**Activity**
All records, exactly as written, minus the pictures: copy them out.

**Data shown**
########################################

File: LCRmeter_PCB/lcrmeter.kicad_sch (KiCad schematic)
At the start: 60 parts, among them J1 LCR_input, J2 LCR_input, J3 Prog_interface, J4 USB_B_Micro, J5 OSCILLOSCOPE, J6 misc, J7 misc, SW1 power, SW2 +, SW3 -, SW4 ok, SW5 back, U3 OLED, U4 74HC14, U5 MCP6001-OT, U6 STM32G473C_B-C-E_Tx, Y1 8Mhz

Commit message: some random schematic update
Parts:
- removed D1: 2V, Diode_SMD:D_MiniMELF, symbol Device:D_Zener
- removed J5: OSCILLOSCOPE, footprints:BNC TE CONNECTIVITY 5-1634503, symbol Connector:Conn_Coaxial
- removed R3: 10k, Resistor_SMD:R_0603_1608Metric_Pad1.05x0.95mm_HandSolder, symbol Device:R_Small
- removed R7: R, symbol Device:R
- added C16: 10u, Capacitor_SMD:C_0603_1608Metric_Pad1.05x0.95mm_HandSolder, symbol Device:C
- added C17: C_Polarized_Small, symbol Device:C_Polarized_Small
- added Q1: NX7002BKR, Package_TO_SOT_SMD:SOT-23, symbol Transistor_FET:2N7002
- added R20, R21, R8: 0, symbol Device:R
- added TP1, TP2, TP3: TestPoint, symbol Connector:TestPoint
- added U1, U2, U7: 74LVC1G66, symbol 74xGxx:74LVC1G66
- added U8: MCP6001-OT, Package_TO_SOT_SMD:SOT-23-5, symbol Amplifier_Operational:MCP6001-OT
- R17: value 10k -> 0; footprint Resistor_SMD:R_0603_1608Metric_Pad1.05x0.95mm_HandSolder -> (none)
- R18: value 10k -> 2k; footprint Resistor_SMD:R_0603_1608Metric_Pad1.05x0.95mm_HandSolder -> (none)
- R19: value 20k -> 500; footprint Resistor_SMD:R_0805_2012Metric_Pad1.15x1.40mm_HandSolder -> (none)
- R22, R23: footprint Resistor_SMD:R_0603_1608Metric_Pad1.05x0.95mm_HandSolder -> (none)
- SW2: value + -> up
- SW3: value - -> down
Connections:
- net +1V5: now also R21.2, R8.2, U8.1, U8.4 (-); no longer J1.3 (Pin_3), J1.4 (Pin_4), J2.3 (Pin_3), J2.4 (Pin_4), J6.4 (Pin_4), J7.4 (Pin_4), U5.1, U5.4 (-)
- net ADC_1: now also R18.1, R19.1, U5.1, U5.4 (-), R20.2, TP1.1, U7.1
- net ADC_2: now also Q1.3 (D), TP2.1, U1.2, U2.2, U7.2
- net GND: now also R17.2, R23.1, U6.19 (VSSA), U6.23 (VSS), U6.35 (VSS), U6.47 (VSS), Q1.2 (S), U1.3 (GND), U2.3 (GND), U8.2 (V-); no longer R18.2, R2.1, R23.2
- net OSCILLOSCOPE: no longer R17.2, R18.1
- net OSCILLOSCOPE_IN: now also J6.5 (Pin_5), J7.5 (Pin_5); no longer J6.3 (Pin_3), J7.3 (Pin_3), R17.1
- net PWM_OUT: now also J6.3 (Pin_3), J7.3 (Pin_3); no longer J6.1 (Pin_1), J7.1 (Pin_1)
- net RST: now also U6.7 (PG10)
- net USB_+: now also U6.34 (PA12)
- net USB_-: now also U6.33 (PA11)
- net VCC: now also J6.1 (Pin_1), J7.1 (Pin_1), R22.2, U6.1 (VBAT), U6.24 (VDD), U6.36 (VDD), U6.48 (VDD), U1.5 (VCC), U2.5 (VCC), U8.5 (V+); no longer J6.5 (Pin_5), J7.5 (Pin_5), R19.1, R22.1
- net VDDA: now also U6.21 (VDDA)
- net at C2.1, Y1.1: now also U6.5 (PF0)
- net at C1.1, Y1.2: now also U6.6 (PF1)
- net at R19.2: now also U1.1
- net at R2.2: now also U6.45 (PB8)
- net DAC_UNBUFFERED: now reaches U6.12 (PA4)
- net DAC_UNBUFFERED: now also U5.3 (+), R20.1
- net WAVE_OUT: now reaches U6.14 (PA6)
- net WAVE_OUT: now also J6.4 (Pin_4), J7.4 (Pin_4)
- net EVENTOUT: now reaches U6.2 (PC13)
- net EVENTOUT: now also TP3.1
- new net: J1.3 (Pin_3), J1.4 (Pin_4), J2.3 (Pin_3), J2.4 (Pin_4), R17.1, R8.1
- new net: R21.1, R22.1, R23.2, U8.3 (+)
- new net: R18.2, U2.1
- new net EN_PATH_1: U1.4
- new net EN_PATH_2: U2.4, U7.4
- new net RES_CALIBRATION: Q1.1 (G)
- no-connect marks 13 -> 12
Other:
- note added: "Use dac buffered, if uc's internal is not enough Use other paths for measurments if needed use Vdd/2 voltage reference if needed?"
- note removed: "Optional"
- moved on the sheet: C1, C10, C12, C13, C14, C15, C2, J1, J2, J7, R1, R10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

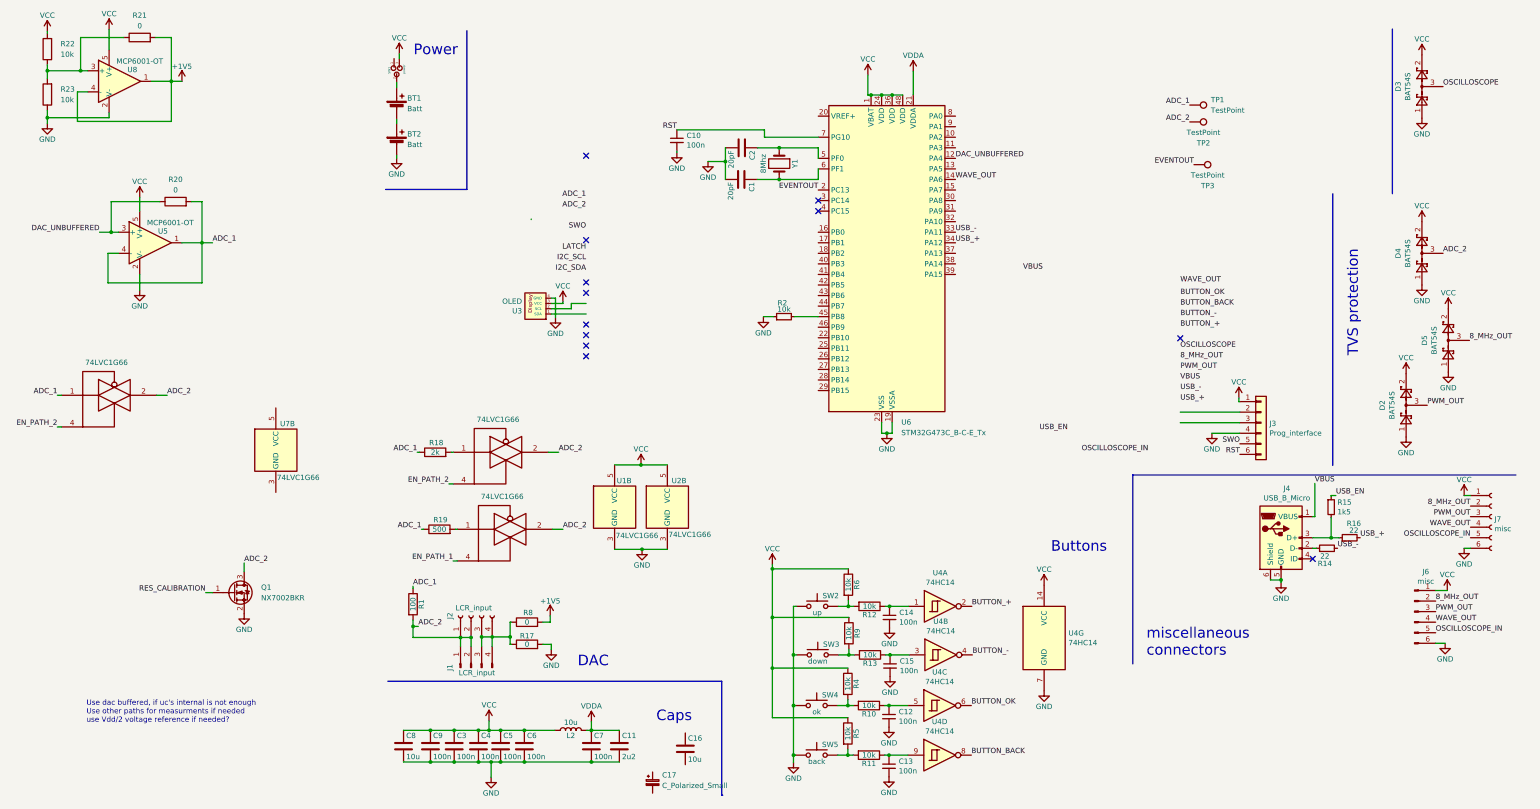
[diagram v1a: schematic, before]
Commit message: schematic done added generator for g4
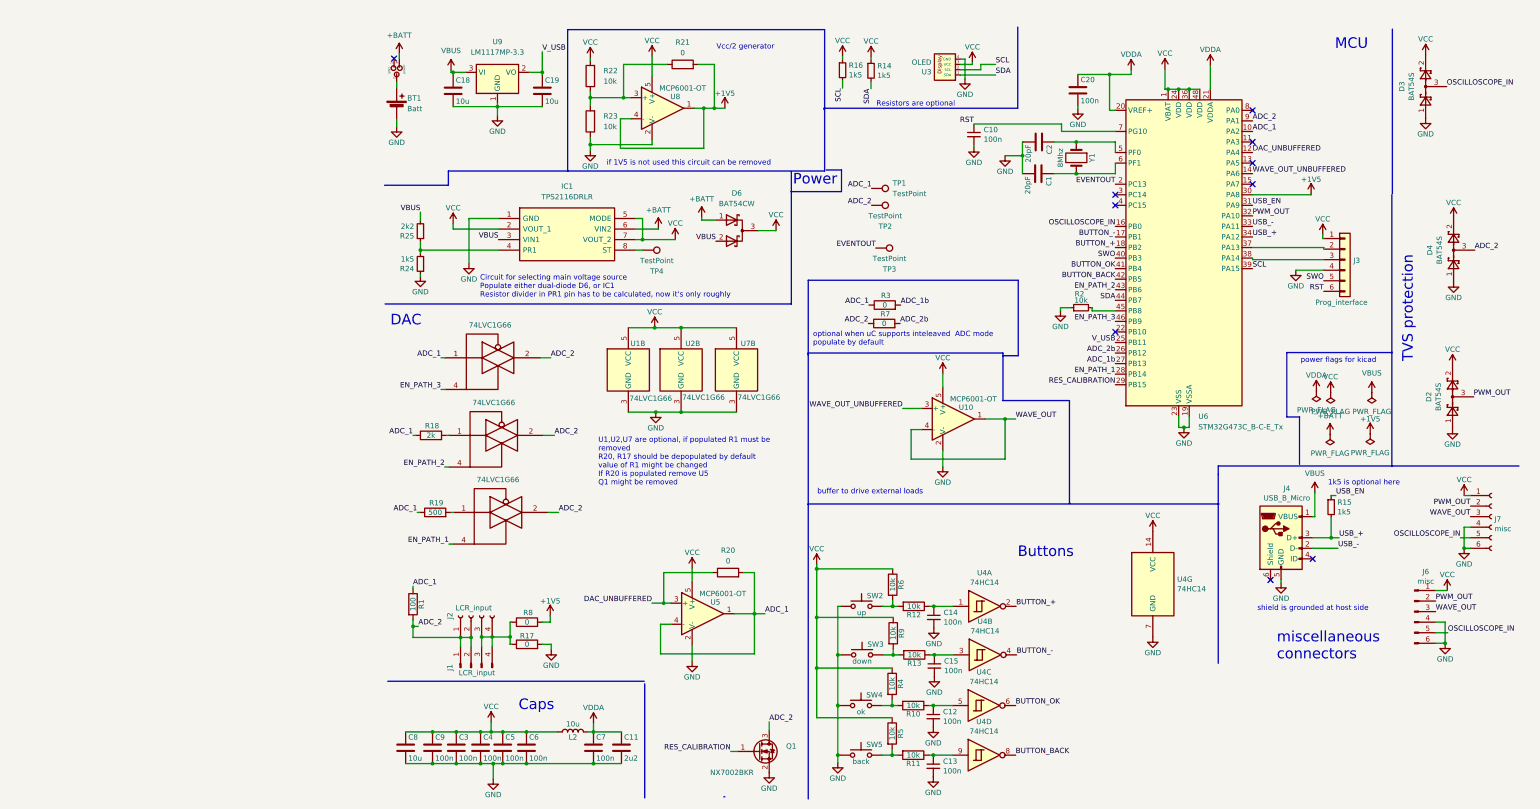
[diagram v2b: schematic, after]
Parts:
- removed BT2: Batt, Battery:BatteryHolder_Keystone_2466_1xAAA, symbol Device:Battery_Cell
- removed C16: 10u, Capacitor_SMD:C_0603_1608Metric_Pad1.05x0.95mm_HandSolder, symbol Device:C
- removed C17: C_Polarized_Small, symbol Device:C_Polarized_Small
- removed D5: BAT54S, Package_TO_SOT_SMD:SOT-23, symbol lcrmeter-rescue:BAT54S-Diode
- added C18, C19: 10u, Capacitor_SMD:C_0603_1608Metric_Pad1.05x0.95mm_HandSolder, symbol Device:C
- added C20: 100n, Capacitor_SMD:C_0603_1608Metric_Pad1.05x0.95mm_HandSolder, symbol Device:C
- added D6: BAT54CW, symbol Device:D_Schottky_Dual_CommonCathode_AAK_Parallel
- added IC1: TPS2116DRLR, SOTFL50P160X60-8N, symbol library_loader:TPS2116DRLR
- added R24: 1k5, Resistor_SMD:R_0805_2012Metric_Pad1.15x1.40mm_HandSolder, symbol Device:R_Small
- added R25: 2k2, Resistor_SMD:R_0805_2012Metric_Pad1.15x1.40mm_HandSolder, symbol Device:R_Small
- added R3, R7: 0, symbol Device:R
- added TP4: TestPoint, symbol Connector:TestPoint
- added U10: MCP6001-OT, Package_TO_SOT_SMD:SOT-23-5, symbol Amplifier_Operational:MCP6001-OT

########################################

**Worked solution**
File: LCRmeter_PCB/lcrmeter.kicad_sch (KiCad schematic)
At the start: 60 parts, among them J1 LCR_input, J2 LCR_input, J3 Prog_interface, J4 USB_B_Micro, J5 OSCILLOSCOPE, J6 misc, J7 misc, SW1 power, SW2 +, SW3 -, SW4 ok, SW5 back, U3 OLED, U4 74HC14, U5 MCP6001-OT, U6 STM32G473C_B-C-E_Tx, Y1 8Mhz

Commit message: some random schematic update
Parts:
- removed D1: 2V, Diode_SMD:D_MiniMELF, symbol Device:D_Zener
- removed J5: OSCILLOSCOPE, footprints:BNC TE CONNECTIVITY 5-1634503, symbol Connector:Conn_Coaxial
- removed R3: 10k, Resistor_SMD:R_0603_1608Metric_Pad1.05x0.95mm_HandSolder, symbol Device:R_Small
- removed R7: R, symbol Device:R
- added C16: 10u, Capacitor_SMD:C_0603_1608Metric_Pad1.05x0.95mm_HandSolder, symbol Device:C
- added C17: C_Polarized_Small, symbol Device:C_Polarized_Small
- added Q1: NX7002BKR, Package_TO_SOT_SMD:SOT-23, symbol Transistor_FET:2N7002
- added R20, R21, R8: 0, symbol Device:R
- added TP1, TP2, TP3: TestPoint, symbol Connector:TestPoint
- added U1, U2, U7: 74LVC1G66, symbol 74xGxx:74LVC1G66
- added U8: MCP6001-OT, Package_TO_SOT_SMD:SOT-23-5, symbol Amplifier_Operational:MCP6001-OT
- R17: value 10k -> 0; footprint Resistor_SMD:R_0603_1608Metric_Pad1.05x0.95mm_HandSolder -> (none)
- R18: value 10k -> 2k; footprint Resistor_SMD:R_0603_1608Metric_Pad1.05x0.95mm_HandSolder -> (none)
- R19: value 20k -> 500; footprint Resistor_SMD:R_0805_2012Metric_Pad1.15x1.40mm_HandSolder -> (none)
- R22, R23: footprint Resistor_SMD:R_0603_1608Metric_Pad1.05x0.95mm_HandSolder -> (none)
- SW2: value + -> up
- SW3: value - -> down
Connections:
- net +1V5: now also R21.2, R8.2, U8.1, U8.4 (-); no longer J1.3 (Pin_3), J1.4 (Pin_4), J2.3 (Pin_3), J2.4 (Pin_4), J6.4 (Pin_4), J7.4 (Pin_4), U5.1, U5.4 (-)
- net ADC_1: now also R18.1, R19.1, U5.1, U5.4 (-), R20.2, TP1.1, U7.1
- net ADC_2: now also Q1.3 (D), TP2.1, U1.2, U2.2, U7.2
- net GND: now also R17.2, R23.1, U6.19 (VSSA), U6.23 (VSS), U6.35 (VSS), U6.47 (VSS), Q1.2 (S), U1.3 (GND), U2.3 (GND), U8.2 (V-); no longer R18.2, R2.1, R23.2
- net OSCILLOSCOPE: no longer R17.2, R18.1
- net OSCILLOSCOPE_IN: now also J6.5 (Pin_5), J7.5 (Pin_5); no longer J6.3 (Pin_3), J7.3 (Pin_3), R17.1
- net PWM_OUT: now also J6.3 (Pin_3), J7.3 (Pin_3); no longer J6.1 (Pin_1), J7.1 (Pin_1)
- net RST: now also U6.7 (PG10)
- net USB_+: now also U6.34 (PA12)
- net USB_-: now also U6.33 (PA11)
- net VCC: now also J6.1 (Pin_1), J7.1 (Pin_1), R22.2, U6.1 (VBAT), U6.24 (VDD), U6.36 (VDD), U6.48 (VDD), U1.5 (VCC), U2.5 (VCC), U8.5 (V+); no longer J6.5 (Pin_5), J7.5 (Pin_5), R19.1, R22.1
- net VDDA: now also U6.21 (VDDA)
- net at C2.1, Y1.1: now also U6.5 (PF0)
- net at C1.1, Y1.2: now also U6.6 (PF1)
- net at R19.2: now also U1.1
- net at R2.2: now also U6.45 (PB8)
- net DAC_UNBUFFERED: now reaches U6.12 (PA4)
- net DAC_UNBUFFERED: now also U5.3 (+), R20.1
- net WAVE_OUT: now reaches U6.14 (PA6)
- net WAVE_OUT: now also J6.4 (Pin_4), J7.4 (Pin_4)
- net EVENTOUT: now reaches U6.2 (PC13)
- net EVENTOUT: now also TP3.1
- new net: J1.3 (Pin_3), J1.4 (Pin_4), J2.3 (Pin_3), J2.4 (Pin_4), R17.1, R8.1
- new net: R21.1, R22.1, R23.2, U8.3 (+)
- new net: R18.2, U2.1
- new net EN_PATH_1: U1.4
- new net EN_PATH_2: U2.4, U7.4
- new net RES_CALIBRATION: Q1.1 (G)
- no-connect marks 13 -> 12
Other:
- note added: "Use dac buffered, if uc's internal is not enough Use other paths for measurments if needed use Vdd/2 voltage reference if needed?"
- note removed: "Optional"
- moved on the sheet: C1, C10, C12, C13, C14, C15, C2, J1, J2, J7, R1, R10

[diagram v1a: schematic, before]
Commit message: schematic done added generator for g4
[diagram v2b: schematic, after]
Parts:
- removed BT2: Batt, Battery:BatteryHolder_Keystone_2466_1xAAA, symbol Device:Battery_Cell
- removed C16: 10u, Capacitor_SMD:C_0603_1608Metric_Pad1.05x0.95mm_HandSolder, symbol Device:C
- removed C17: C_Polarized_Small, symbol Device:C_Polarized_Small
- removed D5: BAT54S, Package_TO_SOT_SMD:SOT-23, symbol lcrmeter-rescue:BAT54S-Diode
- added C18, C19: 10u, Capacitor_SMD:C_0603_1608Metric_Pad1.05x0.95mm_HandSolder, symbol Device:C
- added C20: 100n, Capacitor_SMD:C_0603_1608Metric_Pad1.05x0.95mm_HandSolder, symbol Device:C
- added D6: BAT54CW, symbol Device:D_Schottky_Dual_CommonCathode_AAK_Parallel
- added IC1: TPS2116DRLR, SOTFL50P160X60-8N, symbol library_loader:TPS2116DRLR
- added R24: 1k5, Resistor_SMD:R_0805_2012Metric_Pad1.15x1.40mm_HandSolder, symbol Device:R_Small
- added R25: 2k2, Resistor_SMD:R_0805_2012Metric_Pad1.15x1.40mm_HandSolder, symbol Device:R_Small
- added R3, R7: 0, symbol Device:R
- added TP4: TestPoint, symbol Connector:TestPoint
- added U10: MCP6001-OT, Package_TO_SOT_SMD:SOT-23-5, symbol Amplifier_Operational:MCP6001-OT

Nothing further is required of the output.